» Work request
In the answer, each entry below appears exactly as given, and no picture appears at all.

[Records from a dataset]
○ ○ ○

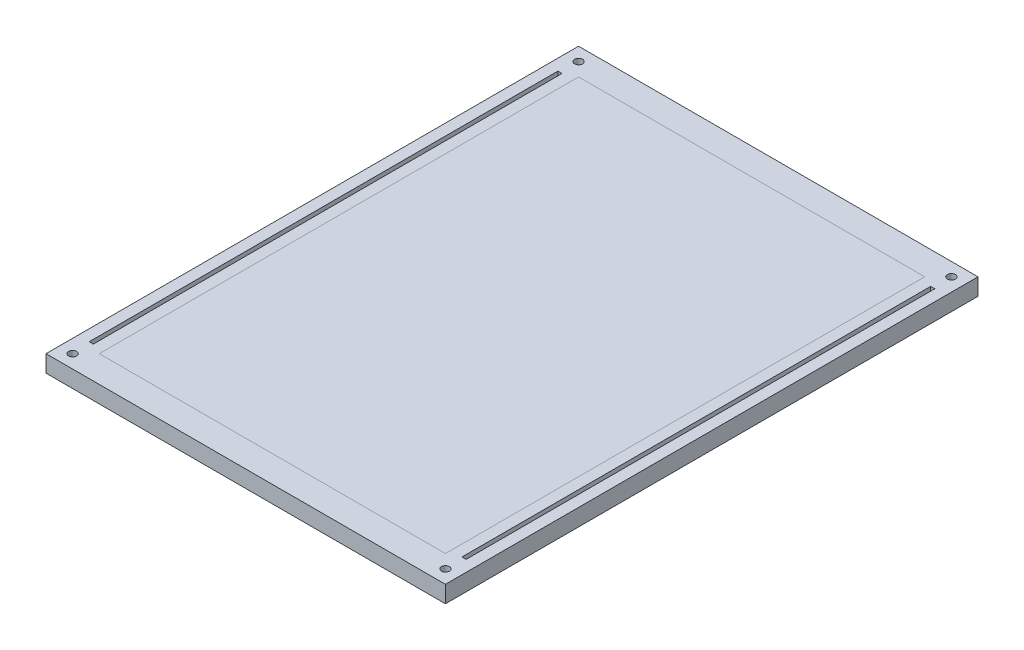
ISO-10303-21;
HEADER;
FILE_DESCRIPTION(('STEP AP214'),'2;1');
FILE_NAME('part.step','',(''),(''),'','','');
FILE_SCHEMA(('AUTOMOTIVE_DESIGN { 1 0 10303 214 1 1 1 1 }'));
ENDSEC;
DATA;
#1=APPLICATION_CONTEXT('core data for automotive mechanical design processes');
#2=APPLICATION_PROTOCOL_DEFINITION('international standard','automotive_design',2000,#1);
#3=PRODUCT_CONTEXT('',#1,'mechanical');
#4=PRODUCT('Part','Part','',(#3));
#5=PRODUCT_RELATED_PRODUCT_CATEGORY('part','',(#4));
#6=PRODUCT_DEFINITION_FORMATION('','',#4);
#7=PRODUCT_DEFINITION_CONTEXT('part definition',#1,'design');
#8=PRODUCT_DEFINITION('design','',#6,#7);
#9=PRODUCT_DEFINITION_SHAPE('','',#8);
#10=(LENGTH_UNIT() NAMED_UNIT(*) SI_UNIT(.MILLI.,.METRE.));
#11=(NAMED_UNIT(*) PLANE_ANGLE_UNIT() SI_UNIT($,.RADIAN.));
#12=(NAMED_UNIT(*) SI_UNIT($,.STERADIAN.) SOLID_ANGLE_UNIT());
#13=UNCERTAINTY_MEASURE_WITH_UNIT(LENGTH_MEASURE(1.E-05),#10,'distance_accuracy_value','');
#14=(GEOMETRIC_REPRESENTATION_CONTEXT(3) GLOBAL_UNCERTAINTY_ASSIGNED_CONTEXT((#13)) GLOBAL_UNIT_ASSIGNED_CONTEXT((#10,
#11,#12)) REPRESENTATION_CONTEXT('',''));
#15=CARTESIAN_POINT('',(0.,0.,0.));
#16=DIRECTION('',(0.,0.,1.));
#17=DIRECTION('',(1.,0.,0.));
#18=AXIS2_PLACEMENT_3D('',#15,#16,#17);
#19=CARTESIAN_POINT('',(65.0000000000001,0.,0.));
#20=DIRECTION('',(-1.,0.,0.));
#21=DIRECTION('',(0.,0.,1.));
#22=AXIS2_PLACEMENT_3D('',#19,#20,#21);
#23=PLANE('',#22);
#24=DIRECTION('',(0.,-1.,0.));
#25=VECTOR('',#24,1.);
#26=CARTESIAN_POINT('',(65.0000000000001,3.175,-90.));
#27=LINE('',#26,#25);
#28=CARTESIAN_POINT('',(65.0000000000001,3.175,-90.));
#29=VERTEX_POINT('',#28);
#30=CARTESIAN_POINT('',(65.0000000000001,-3.175,-90.));
#31=VERTEX_POINT('',#30);
#32=EDGE_CURVE('E108',#29,#31,#27,.T.);
#33=ORIENTED_EDGE('',*,*,#32,.F.);
#34=DIRECTION('',(0.,0.,-1.));
#35=VECTOR('',#34,1.);
#36=CARTESIAN_POINT('',(65.0000000000001,3.175,90.));
#37=LINE('',#36,#35);
#38=CARTESIAN_POINT('',(65.0000000000001,3.175,90.));
#39=VERTEX_POINT('',#38);
#40=EDGE_CURVE('E119',#39,#29,#37,.T.);
#41=ORIENTED_EDGE('',*,*,#40,.F.);
#42=DIRECTION('',(0.,1.,0.));
#43=VECTOR('',#42,1.);
#44=CARTESIAN_POINT('',(65.0000000000001,-3.175,90.));
#45=LINE('',#44,#43);
#46=CARTESIAN_POINT('',(65.0000000000001,-3.175,90.));
#47=VERTEX_POINT('',#46);
#48=EDGE_CURVE('E110',#47,#39,#45,.T.);
#49=ORIENTED_EDGE('',*,*,#48,.F.);
#50=DIRECTION('',(0.,0.,1.));
#51=VECTOR('',#50,1.);
#52=CARTESIAN_POINT('',(65.0000000000001,-3.175,-90.));
#53=LINE('',#52,#51);
#54=EDGE_CURVE('E99',#31,#47,#53,.T.);
#55=ORIENTED_EDGE('',*,*,#54,.F.);
#56=EDGE_LOOP('',(#33,#41,#49,#55));
#57=FACE_BOUND('',#56,.T.);
#58=ADVANCED_FACE('F57',(#57),#23,.F.);
#59=CARTESIAN_POINT('',(-245.111972117347,3.175,90.));
#60=DIRECTION('',(0.,-1.,0.));
#61=DIRECTION('',(0.,0.,-1.));
#62=AXIS2_PLACEMENT_3D('',#59,#60,#61);
#63=PLANE('',#62);
#64=DIRECTION('',(1.,0.,0.));
#65=VECTOR('',#64,1.);
#66=CARTESIAN_POINT('',(-245.111972117347,3.175,-90.));
#67=LINE('',#66,#65);
#68=CARTESIAN_POINT('',(-65.,3.175,-90.));
#69=VERTEX_POINT('',#68);
#70=EDGE_CURVE('E113',#69,#29,#67,.T.);
#71=ORIENTED_EDGE('',*,*,#70,.F.);
#72=DIRECTION('',(0.,0.,1.));
#73=VECTOR('',#72,1.);
#74=CARTESIAN_POINT('',(-65.,3.175,90.));
#75=LINE('',#74,#73);
#76=CARTESIAN_POINT('',(-65.,3.175,90.));
#77=VERTEX_POINT('',#76);
#78=EDGE_CURVE('E61',#69,#77,#75,.T.);
#79=ORIENTED_EDGE('',*,*,#78,.T.);
#80=DIRECTION('',(1.,0.,0.));
#81=VECTOR('',#80,1.);
#82=CARTESIAN_POINT('',(-245.111972117347,3.175,90.));
#83=LINE('',#82,#81);
#84=EDGE_CURVE('E123',#77,#39,#83,.T.);
#85=ORIENTED_EDGE('',*,*,#84,.T.);
#86=ORIENTED_EDGE('',*,*,#40,.T.);
#87=EDGE_LOOP('',(#71,#79,#85,#86));
#88=FACE_BOUND('',#87,.T.);
#89=ADVANCED_FACE('F132',(#88),#63,.F.);
#90=CARTESIAN_POINT('',(-245.111972117347,-3.175,90.));
#91=DIRECTION('',(0.,0.,-1.));
#92=DIRECTION('',(-1.,0.,0.));
#93=AXIS2_PLACEMENT_3D('',#90,#91,#92);
#94=PLANE('',#93);
#95=ORIENTED_EDGE('',*,*,#84,.F.);
#96=DIRECTION('',(0.,-1.,0.));
#97=VECTOR('',#96,1.);
#98=CARTESIAN_POINT('',(-65.,-3.175,90.));
#99=LINE('',#98,#97);
#100=CARTESIAN_POINT('',(-65.,-3.175,90.));
#101=VERTEX_POINT('',#100);
#102=EDGE_CURVE('E129',#77,#101,#99,.T.);
#103=ORIENTED_EDGE('',*,*,#102,.T.);
#104=DIRECTION('',(1.,0.,0.));
#105=VECTOR('',#104,1.);
#106=CARTESIAN_POINT('',(-245.111972117347,-3.175,90.));
#107=LINE('',#106,#105);
#108=EDGE_CURVE('E104',#101,#47,#107,.T.);
#109=ORIENTED_EDGE('',*,*,#108,.T.);
#110=ORIENTED_EDGE('',*,*,#48,.T.);
#111=EDGE_LOOP('',(#95,#103,#109,#110));
#112=FACE_BOUND('',#111,.T.);
#113=ADVANCED_FACE('F128',(#112),#94,.F.);
#114=CARTESIAN_POINT('',(-245.111972117347,-3.175,-90.));
#115=DIRECTION('',(0.,1.,0.));
#116=DIRECTION('',(0.,0.,1.));
#117=AXIS2_PLACEMENT_3D('',#114,#115,#116);
#118=PLANE('',#117);
#119=ORIENTED_EDGE('',*,*,#108,.F.);
#120=DIRECTION('',(0.,0.,-1.));
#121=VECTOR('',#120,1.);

○ ○ ○

» Finished task
ISO-10303-21;
HEADER;
FILE_DESCRIPTION(('STEP AP214'),'2;1');
FILE_NAME('part.step','',(''),(''),'','','');
FILE_SCHEMA(('AUTOMOTIVE_DESIGN { 1 0 10303 214 1 1 1 1 }'));
ENDSEC;
DATA;
#1=APPLICATION_CONTEXT('core data for automotive mechanical design processes');
#2=APPLICATION_PROTOCOL_DEFINITION('international standard','automotive_design',2000,#1);
#3=PRODUCT_CONTEXT('',#1,'mechanical');
#4=PRODUCT('Part','Part','',(#3));
#5=PRODUCT_RELATED_PRODUCT_CATEGORY('part','',(#4));
#6=PRODUCT_DEFINITION_FORMATION('','',#4);
#7=PRODUCT_DEFINITION_CONTEXT('part definition',#1,'design');
#8=PRODUCT_DEFINITION('design','',#6,#7);
#9=PRODUCT_DEFINITION_SHAPE('','',#8);
#10=(LENGTH_UNIT() NAMED_UNIT(*) SI_UNIT(.MILLI.,.METRE.));
#11=(NAMED_UNIT(*) PLANE_ANGLE_UNIT() SI_UNIT($,.RADIAN.));
#12=(NAMED_UNIT(*) SI_UNIT($,.STERADIAN.) SOLID_ANGLE_UNIT());
#13=UNCERTAINTY_MEASURE_WITH_UNIT(LENGTH_MEASURE(1.E-05),#10,'distance_accuracy_value','');
#14=(GEOMETRIC_REPRESENTATION_CONTEXT(3) GLOBAL_UNCERTAINTY_ASSIGNED_CONTEXT((#13)) GLOBAL_UNIT_ASSIGNED_CONTEXT((#10,
#11,#12)) REPRESENTATION_CONTEXT('',''));
#15=CARTESIAN_POINT('',(0.,0.,0.));
#16=DIRECTION('',(0.,0.,1.));
#17=DIRECTION('',(1.,0.,0.));
#18=AXIS2_PLACEMENT_3D('',#15,#16,#17);
#19=CARTESIAN_POINT('',(65.0000000000001,0.,0.));
#20=DIRECTION('',(-1.,0.,0.));
#21=DIRECTION('',(0.,0.,1.));
#22=AXIS2_PLACEMENT_3D('',#19,#20,#21);
#23=PLANE('',#22);
#24=DIRECTION('',(0.,-1.,0.));
#25=VECTOR('',#24,1.);
#26=CARTESIAN_POINT('',(65.0000000000001,3.175,-90.));
#27=LINE('',#26,#25);
#28=CARTESIAN_POINT('',(65.0000000000001,3.175,-90.));
#29=VERTEX_POINT('',#28);
#30=CARTESIAN_POINT('',(65.0000000000001,-3.175,-90.));
#31=VERTEX_POINT('',#30);
#32=EDGE_CURVE('E108',#29,#31,#27,.T.);
#33=ORIENTED_EDGE('',*,*,#32,.F.);
#34=DIRECTION('',(0.,0.,-1.));
#35=VECTOR('',#34,1.);
#36=CARTESIAN_POINT('',(65.0000000000001,3.175,90.));
#37=LINE('',#36,#35);
#38=CARTESIAN_POINT('',(65.0000000000001,3.175,90.));
#39=VERTEX_POINT('',#38);
#40=EDGE_CURVE('E119',#39,#29,#37,.T.);
#41=ORIENTED_EDGE('',*,*,#40,.F.);
#42=DIRECTION('',(0.,1.,0.));
#43=VECTOR('',#42,1.);
#44=CARTESIAN_POINT('',(65.0000000000001,-3.175,90.));
#45=LINE('',#44,#43);
#46=CARTESIAN_POINT('',(65.0000000000001,-3.175,90.));
#47=VERTEX_POINT('',#46);
#48=EDGE_CURVE('E110',#47,#39,#45,.T.);
#49=ORIENTED_EDGE('',*,*,#48,.F.);
#50=DIRECTION('',(0.,0.,1.));
#51=VECTOR('',#50,1.);
#52=CARTESIAN_POINT('',(65.0000000000001,-3.175,-90.));
#53=LINE('',#52,#51);
#54=EDGE_CURVE('E99',#31,#47,#53,.T.);
#55=ORIENTED_EDGE('',*,*,#54,.F.);
#56=EDGE_LOOP('',(#33,#41,#49,#55));
#57=FACE_BOUND('',#56,.T.);
#58=ADVANCED_FACE('F57',(#57),#23,.F.);
#59=CARTESIAN_POINT('',(-245.111972117347,3.175,90.));
#60=DIRECTION('',(0.,-1.,0.));
#61=DIRECTION('',(0.,0.,-1.));
#62=AXIS2_PLACEMENT_3D('',#59,#60,#61);
#63=PLANE('',#62);
#64=DIRECTION('',(1.,0.,0.));
#65=VECTOR('',#64,1.);
#66=CARTESIAN_POINT('',(-245.111972117347,3.175,-90.));
#67=LINE('',#66,#65);
#68=CARTESIAN_POINT('',(-65.,3.175,-90.));
#69=VERTEX_POINT('',#68);
#70=EDGE_CURVE('E113',#69,#29,#67,.T.);
#71=ORIENTED_EDGE('',*,*,#70,.F.);
#72=DIRECTION('',(0.,0.,1.));
#73=VECTOR('',#72,1.);
#74=CARTESIAN_POINT('',(-65.,3.175,90.));
#75=LINE('',#74,#73);
#76=CARTESIAN_POINT('',(-65.,3.175,90.));
#77=VERTEX_POINT('',#76);
#78=EDGE_CURVE('E61',#69,#77,#75,.T.);
#79=ORIENTED_EDGE('',*,*,#78,.T.);
#80=DIRECTION('',(1.,0.,0.));
#81=VECTOR('',#80,1.);
#82=CARTESIAN_POINT('',(-245.111972117347,3.175,90.));
#83=LINE('',#82,#81);
#84=EDGE_CURVE('E123',#77,#39,#83,.T.);
#85=ORIENTED_EDGE('',*,*,#84,.T.);
#86=ORIENTED_EDGE('',*,*,#40,.T.);
#87=EDGE_LOOP('',(#71,#79,#85,#86));
#88=FACE_BOUND('',#87,.T.);
#89=ADVANCED_FACE('F132',(#88),#63,.F.);
#90=CARTESIAN_POINT('',(-245.111972117347,-3.175,90.));
#91=DIRECTION('',(0.,0.,-1.));
#92=DIRECTION('',(-1.,0.,0.));
#93=AXIS2_PLACEMENT_3D('',#90,#91,#92);
#94=PLANE('',#93);
#95=ORIENTED_EDGE('',*,*,#84,.F.);
#96=DIRECTION('',(0.,-1.,0.));
#97=VECTOR('',#96,1.);
#98=CARTESIAN_POINT('',(-65.,-3.175,90.));
#99=LINE('',#98,#97);
#100=CARTESIAN_POINT('',(-65.,-3.175,90.));
#101=VERTEX_POINT('',#100);
#102=EDGE_CURVE('E129',#77,#101,#99,.T.);
#103=ORIENTED_EDGE('',*,*,#102,.T.);
#104=DIRECTION('',(1.,0.,0.));
#105=VECTOR('',#104,1.);
#106=CARTESIAN_POINT('',(-245.111972117347,-3.175,90.));
#107=LINE('',#106,#105);
#108=EDGE_CURVE('E104',#101,#47,#107,.T.);
#109=ORIENTED_EDGE('',*,*,#108,.T.);
#110=ORIENTED_EDGE('',*,*,#48,.T.);
#111=EDGE_LOOP('',(#95,#103,#109,#110));
#112=FACE_BOUND('',#111,.T.);
#113=ADVANCED_FACE('F128',(#112),#94,.F.);
#114=CARTESIAN_POINT('',(-245.111972117347,-3.175,-90.));
#115=DIRECTION('',(0.,1.,0.));
#116=DIRECTION('',(0.,0.,1.));
#117=AXIS2_PLACEMENT_3D('',#114,#115,#116);
#118=PLANE('',#117);
#119=ORIENTED_EDGE('',*,*,#108,.F.);
#120=DIRECTION('',(0.,0.,-1.));
#121=VECTOR('',#120,1.);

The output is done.